──────── DATA TO USE

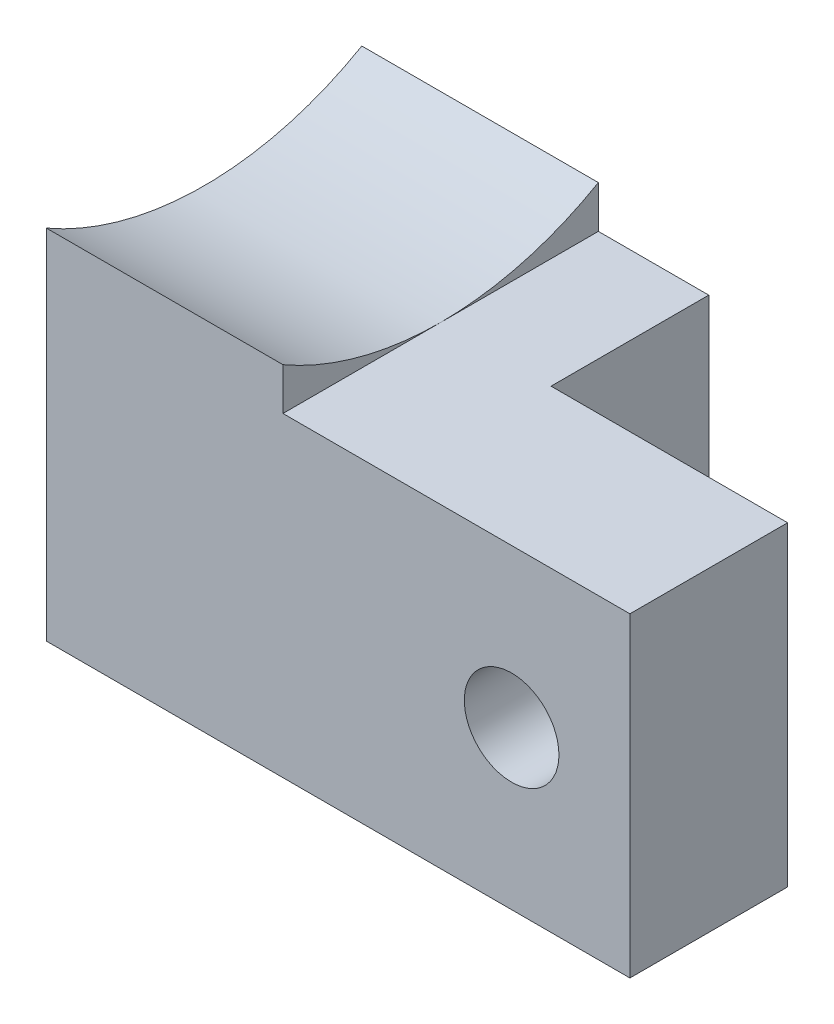
from build123d import *

# Parameters (mm, degrees)
CROQUIS2_W                  = 37
CROQUIS2_H                  = 20
SALIENTE_EXTRUIR2_DEPTH     = 20
CORTAR_EXTRUIR2_DEPTH       = 47.572524089
CORTAR_EXTRUIR2_DEPTH_BACK  = 47.572524089
CROQUIS3_W                  = 15
CROQUIS3_H                  = 10
CROQUIS4_R                  = 3
CORTAR_EXTRUIR3_DEPTH       = 44.231932642
CROQUIS8_W                  = 15
CROQUIS8_H                  = 20
SALIENTE_EXTRUIR4_DEPTH     = 2.679491924
CORTAR_EXTRUIR10_DEPTH      = 36.832945734
CORTAR_EXTRUIR10_DEPTH_BACK = 36.832945734
MOVER_START                 = -20
MOVER_CARA2_DEPTH           = 10
MOVER_START_2               = -10
MOVER_CARA2_2_OUTLINE_W     = 22
MOVER_CARA2_2_OUTLINE_H     = 2.679491924
MOVER_CARA2_2_OUTLINE_R     = 3
MOVER_CARA2_2_DEPTH         = 10
MOVER_CARA2_3_OUTLINE_R     = 3
MOVER_CARA2_3_DEPTH         = 10
MOVER_CARA2_4_OUTLINE_W     = 22
MOVER_CARA2_4_OUTLINE_H     = 2.679491924
MOVER_CARA2_4_OUTLINE_R     = 3
MOVER_CARA2_4_DEPTH         = 10
MOVER_CARA2_5_DEPTH         = 15
MOVER_CARA2_6_DEPTH         = 15


with BuildPart() as part:
    # Croquis2 → Saliente-Extruir2 (new body)
    with BuildSketch(Plane(origin=(0, 0, 0), x_dir=(1, 0, 0), z_dir=(0, 1, 0))):
        with Locations((18.5, 10)):
            Rectangle(CROQUIS2_W, CROQUIS2_H)
    extrude(amount=SALIENTE_EXTRUIR2_DEPTH)

    # Croquis3 → Cortar-Extruir2 (cut, two sides: drawn at the far end of the back side and taken through both)
    with BuildSketch(Plane(origin=(0, 0, 0), x_dir=(1, 0, 0), z_dir=(0, 1, 0)).offset(-CORTAR_EXTRUIR2_DEPTH_BACK)):
        with Locations((7.5, 15)):
            Rectangle(CROQUIS3_W, CROQUIS3_H)
    extrude(amount=CORTAR_EXTRUIR2_DEPTH + CORTAR_EXTRUIR2_DEPTH_BACK, mode=Mode.SUBTRACT)

    # Croquis4 → Cortar-Extruir3 (cut, through all)
    with BuildSketch(Plane(origin=(0, 0, -10), x_dir=(-1, 0, 0), z_dir=(0, 0, -1))):
        with Locations((-7.5, 10)):
            Circle(CROQUIS4_R)
    extrude(amount=-CORTAR_EXTRUIR3_DEPTH, mode=Mode.SUBTRACT)

    # Croquis8 → Saliente-Extruir4 (add)
    with BuildSketch(Plane.XZ):
        with Locations((29.5, -10)):
            Rectangle(CROQUIS8_W, CROQUIS8_H)
    extrude(amount=SALIENTE_EXTRUIR4_DEPTH)

    # Croquis9 → Cortar-Extruir10 (cut, two sides: drawn at the far end of the back side and taken through both)
    with BuildSketch(Plane.ZY.offset(-22).offset(-CORTAR_EXTRUIR10_DEPTH_BACK)):
        with BuildLine():
            Line((-81.034656774, -37.917867438), (-20, -2.679491924))
            ThreePointArc((-20, -2.679491924), (-10, 0), (0, -2.679491924))
            Line((0, -2.679491924), (61.034656774, -37.917867438))
            Line((61.034656774, -37.917867438), (61.034656774, -178.871369507))
            Line((61.034656774, -178.871369507), (-81.034656774, -178.871369507))
            Line((-81.034656774, -178.871369507), (-81.034656774, -37.917867438))
        make_face()
    extrude(amount=CORTAR_EXTRUIR10_DEPTH + CORTAR_EXTRUIR10_DEPTH_BACK, mode=Mode.SUBTRACT)

    # Mover cara2: read off the stored shape, not the designer's step
    # Mover cara2 outline → Mover cara2 (cut)
    with BuildSketch(Plane.XY.offset(MOVER_START)):
        Polygon((15, 20), (15, 17.320508076), (22, 17.320508076), (22, -2.679491924), (37, -2.679491924), (37, 20), align=None)
    extrude(amount=MOVER_CARA2_DEPTH, mode=Mode.SUBTRACT)

    # Mover cara2 2 outline → Mover cara2 2 (cut)
    with BuildSketch(Plane.XY.offset(MOVER_START_2)):
        with Locations((26, 18.660254038)):
            Rectangle(MOVER_CARA2_2_OUTLINE_W, MOVER_CARA2_2_OUTLINE_H)
        with Locations((29.5, 7.320508076)):
            Circle(MOVER_CARA2_2_OUTLINE_R)
    extrude(amount=MOVER_CARA2_2_DEPTH, mode=Mode.SUBTRACT)

    # Mover cara2 3 outline → Mover cara2 3 (add)
    # profile 1 of 2: a face of its own
    with BuildSketch(Plane.XY.offset(MOVER_START_2)):
        Polygon((37, 17.320508076), (22, 17.320508076), (22, 0), (0, 0), (0, -2.679491924), (37, -2.679491924), align=None)
        with Locations((29.5, 7.320508076)):
            Circle(MOVER_CARA2_3_OUTLINE_R, mode=Mode.SUBTRACT)
    # profile 2 of 2: a face of its own
    with BuildSketch(Plane.XY.offset(MOVER_START_2)):
        with Locations((7.5, 10)):
            Circle(MOVER_CARA2_3_OUTLINE_R)
    extrude(amount=MOVER_CARA2_3_DEPTH)

    # Mover cara2 4 outline → Mover cara2 4 (add)
    with BuildSketch(Plane.XY.offset(MOVER_START)):
        with Locations((11, -1.339745962)):
            Rectangle(MOVER_CARA2_4_OUTLINE_W, MOVER_CARA2_4_OUTLINE_H)
        with Locations((7.5, 10)):
            Circle(MOVER_CARA2_4_OUTLINE_R)
    extrude(amount=MOVER_CARA2_4_DEPTH)

    # Mover cara2 5 outline → Mover cara2 5 (cut)
    with BuildSketch(Plane.YZ):
        with BuildLine():
            ThreePointArc((20, 0), (18.00199155, -4.823619098), (17.320508076, -10))
            Line((17.320508076, -10), (20, -10))
            Line((20, -10), (20, 0))
        make_face()
    extrude(amount=MOVER_CARA2_5_DEPTH, mode=Mode.SUBTRACT)

    # Mover cara2 6 outline → Mover cara2 6 (add)
    with BuildSketch(Plane.YZ):
        with BuildLine():
            Line((0, -20), (20, -20))
            ThreePointArc((20, -20), (18.00199155, -15.176380902), (17.320508076, -10))
            Line((17.320508076, -10), (0, -10))
            Line((0, -10), (0, -20))
        make_face()
    extrude(amount=MOVER_CARA2_6_DEPTH)


solid = part.part

────────────────

Using only the entries above, output the line with "extrude(amount=MOVER_CARA2_2_DEPTH, mode=Mode.SUBTRACT)", the line with "-4.823619098), (17.320508076, -10))", and all lines between them, exactly as they stand.

RESPONSE BOX.
    extrude(amount=MOVER_CARA2_2_DEPTH, mode=Mode.SUBTRACT)

    # Mover cara2 3 outline → Mover cara2 3 (add)
    # profile 1 of 2: a face of its own
    with BuildSketch(Plane.XY.offset(MOVER_START_2)):
        Polygon((37, 17.320508076), (22, 17.320508076), (22, 0), (0, 0), (0, -2.679491924), (37, -2.679491924), align=None)
        with Locations((29.5, 7.320508076)):
            Circle(MOVER_CARA2_3_OUTLINE_R, mode=Mode.SUBTRACT)
    # profile 2 of 2: a face of its own
    with BuildSketch(Plane.XY.offset(MOVER_START_2)):
        with Locations((7.5, 10)):
            Circle(MOVER_CARA2_3_OUTLINE_R)
    extrude(amount=MOVER_CARA2_3_DEPTH)

    # Mover cara2 4 outline → Mover cara2 4 (add)
    with BuildSketch(Plane.XY.offset(MOVER_START)):
        with Locations((11, -1.339745962)):
            Rectangle(MOVER_CARA2_4_OUTLINE_W, MOVER_CARA2_4_OUTLINE_H)
        with Locations((7.5, 10)):
            Circle(MOVER_CARA2_4_OUTLINE_R)
    extrude(amount=MOVER_CARA2_4_DEPTH)

    # Mover cara2 5 outline → Mover cara2 5 (cut)
    with BuildSketch(Plane.YZ):
        with BuildLine():
            ThreePointArc((20, 0), (18.00199155, -4.823619098), (17.320508076, -10))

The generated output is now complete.